Я подбежал к ней и, протолкнув ей в рот большой палец, изо всей силы прижал её язык к подъязычной области. Её зубы начали стискиваться, подобно заострённым тискам с мощным давлением. Её рот заполнился моей кровью. «Если она откусит мой палец, она может подавиться им, точно так же как и языком», промелькнуло у меня в голове, пока я второй рукой, наконец, дотянувшись до телефонного аппарата, набирал «03».
Я провёл тогда с ней сутки в токсикологии. Мне выдали список лекарств, которые я должен был приобрести. Мне необходимо было занять денег на эти лекарства, потому что у самого не хватило бы. Я решил начать завтра утром со своего рабочего места. Организация, в которой я работал к тому времени уже должна была мне несколько месячных зарплат, но это ничего не значило, никому тогда ничего не платили. Бывшие советские люди учились обходиться без денег, перебиваясь натуральным хозяйством и расширенной системой семейной взаимовыручки. Пока я попросил у врачей отделения сделать всё необходимое, уголь, гемодез и т. д. в долг. Ночью пришлось удерживать её в постели, потому что она соскакивала, дралась с медсёстрами, норовила убежать бродить по коридорам больницы. Один раз я задремал, и потом, когда спохватился, нашёл её в ординаторской. Она стояла у окна и разговаривала с Луной:
— Мне никогда, никогда ещё в жизни не было так плохо… Ты хоть когда-нибудь, хоть где-нибудь на свете видела такое же одинокое существо, как я?.. — и её затрясло от сдавленных рыданий.
Она ушла из группы, а Федян в то время полностью переключился на синтезаторы, секвенсеры и прочую дребедень в том же духе. Он подружился с профессиональными музыкантами с одной небольшой студии. В обмен на его помощь в аранжировках и студийных записях, они охотно предоставляли ему время поколдовать над своим «Роландом», и он целыми днями теперь зависал там.
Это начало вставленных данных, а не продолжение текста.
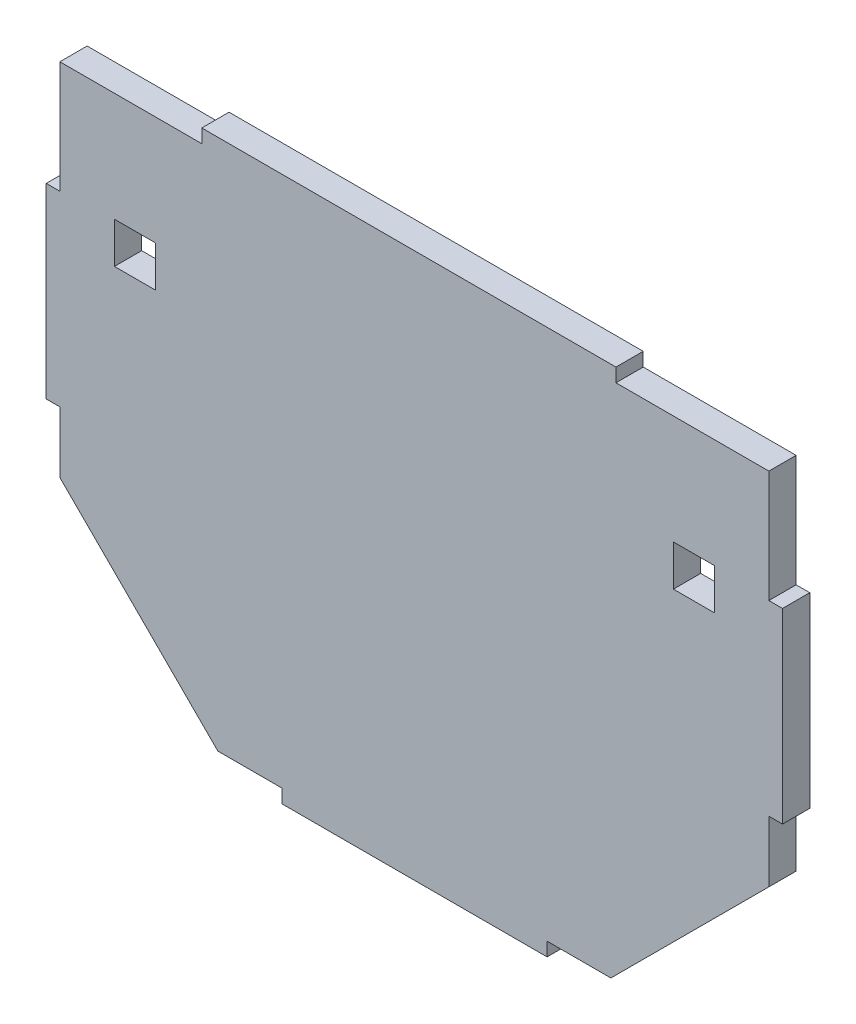
SolidWorks part; units mm, degrees
ref_plane "Front Plane" through (0, 0, 0) normal (0, 0, 1) x (1, 0, 0)
ref_plane "Top Plane" through (0, 0, 0) normal (0, 1, 0) x (1, 0, 0)
ref_plane "Right Plane" through (0, 0, 0) normal (1, 0, 0) x (0, 0, -1)
sketch "Sketch1" plane through (0, 0, 0) normal (0, 0, 1) x (1, 0, 0)
  line L0 (412.0154, 1072.6191) -> (767.6154, 1072.6191) construction
  line L1 (767.6154, 1072.6191) -> (767.6154, 886.9451) construction
  line L2 (767.6154, 886.9451) -> (686.5894, 805.9673) construction
  line L3 (686.5894, 805.9673) -> (493.0414, 805.9673) construction
  line L4 (493.0414, 805.9673) -> (412.0154, 886.9451) construction
  line L5 (412.0154, 886.9451) -> (412.0154, 1072.6191) construction
  line L6 (424.7154, 892.2078) -> (424.7154, 920.7157)
  line L7 (424.7154, 1059.9191) -> (490.8067, 1059.9191)
  line L8 (754.9154, 1059.9191) -> (754.9154, 1007.6919)
  line L9 (754.9154, 892.2078) -> (681.3311, 818.6673)
  line L10 (681.3311, 818.6673) -> (651.6344, 818.6673)
  line L11 (498.2997, 818.6673) -> (424.7154, 892.2078)
  line L21 (424.7154, 1007.6919) -> (424.7154, 1059.9191)
  line L22 (424.7154, 892.2078) -> (424.7154, 1059.9191) construction
  line L23 (754.9154, 920.7157) -> (754.9154, 892.2078)
  line L24 (754.9154, 1059.9191) -> (754.9154, 892.2078) construction
  line L25 (528.0648, 818.6673) -> (498.2997, 818.6673)
  line L26 (681.3311, 818.6673) -> (498.2997, 818.6673) construction
  line L30 (683.7, 1059.9191) -> (754.9154, 1059.9191)
  line L31 (424.7154, 1059.9191) -> (754.9154, 1059.9191) construction
  line L32 (424.7154, 920.7157) -> (418.3654, 920.7157)
  line L33 (418.3654, 920.7157) -> (418.3654, 1007.6919)
  line L34 (418.3654, 1007.6919) -> (424.7154, 1007.6919)
  line L35 (490.8067, 1059.9191) -> (490.8067, 1066.2691)
  line L38 (754.9154, 1007.6919) -> (761.2654, 1007.6919)
  line L39 (761.2654, 1007.6919) -> (761.2654, 920.7157)
  line L40 (761.2654, 920.7157) -> (754.9154, 920.7157)
  line L41 (651.6344, 818.6673) -> (651.6344, 812.3173)
  line L42 (651.6344, 812.3173) -> (528.0648, 812.3173)
  line L43 (528.0648, 812.3173) -> (528.0648, 818.6673)
  line L44 (683.7, 1059.9191) -> (683.7, 1066.2691)
  line L45 (683.7, 1066.2691) -> (490.8067, 1066.2691)
  dimension "D1" = 355.6
  dimension "D2" = 185.674
  dimension "D3" = 114.554
  dimension "D4" = 193.548
  dimension "D6" = 6.35
  dimension "D7" = 6.35
  dimension "D8" = 6.35
  dimension "D9" = 6.35
  dimension "D5" = 12.7
extrude "Boss-Extrude1" add sketch "Sketch1" along normal blind 12.7
sketch "Sketch2" plane through (0, 0, 12.7) normal (0, 0, 1) x (1, 0, 0)
  line L0 (424.7154, 1059.9191) -> (424.7154, 1007.6919) construction
  line L5 (450.1154, 1009.1191) -> (469.1654, 1009.1191)
  line L6 (450.1154, 1009.1191) -> (450.1154, 990.0691)
  line L7 (450.1154, 990.0691) -> (469.1654, 990.0691)
  line L8 (469.1654, 1009.1191) -> (469.1654, 990.0691)
  line L9 (710.4654, 1009.1191) -> (729.5154, 1009.1191)
  line L10 (710.4654, 1009.1191) -> (710.4654, 990.0691)
  line L11 (710.4654, 990.0691) -> (729.5154, 990.0691)
  line L12 (729.5154, 1009.1191) -> (729.5154, 990.0691)
  line L13 (490.8067, 1059.9191) -> (424.7154, 1059.9191) construction
  line L14 (754.9154, 1007.6919) -> (754.9154, 1059.9191) construction
  line L15 (754.9154, 1059.9191) -> (683.7, 1059.9191) construction
  dimension "D1" = 25.4
  dimension "D2" = 50.8
  dimension "D3" = 25.4
  dimension "D4" = 50.8
  dimension "D5" = 19.05
extrude "Cut-Extrude1" cut sketch "Sketch2" against normal through all

Однажды ночью ко мне в дверь постучалась Альфия. Она попросила меня закрыть дверь и никому не открывать. Сказала, что пришла под мою защиту. Она действительно казалась чем-то напуганной и немного растерянной. Она сказала мне, что в её жизни внезапно всё меняется, и неизвестно к лучшему, или худшему. Объяснять она не хотела, а я не стал расспрашивать. В моей компании она быстро пришла в себя, стала самой собой, такой, какой я её всегда любил. Когда я услышал от неё слова любви, я позволил чувству, которое так усиленно гнал от себя из робости, заполонить собой всё моё существо. Первые нежные прикосновения, первые, робкие поцелуи чуть не разорвали моё заходящееся в бешеных ритмах сердце, они заставили меня почувствовать себя перед лицом какой-то необъятной, непостижимой тайны жизни, которую могла открыть мне только Альфия. Её глаза, её губы, её миниатюрное стройное тело, вызывали во мне ощущения, которые едва умещались в моём сердце, настолько они казались больше чем я. Её близость заставила меня начисто забыть обо всём, затеряться во времени и пространстве, ощутить себя эфемерной пылинкой, сгинувшей в просторах Вселенной. Мы изучали друг друга, рассказывали истории из жизни, смеялись, и клялись в вечной любви. Она заснула как ребёнок, пока я расчёсывал ей волосы гребешком.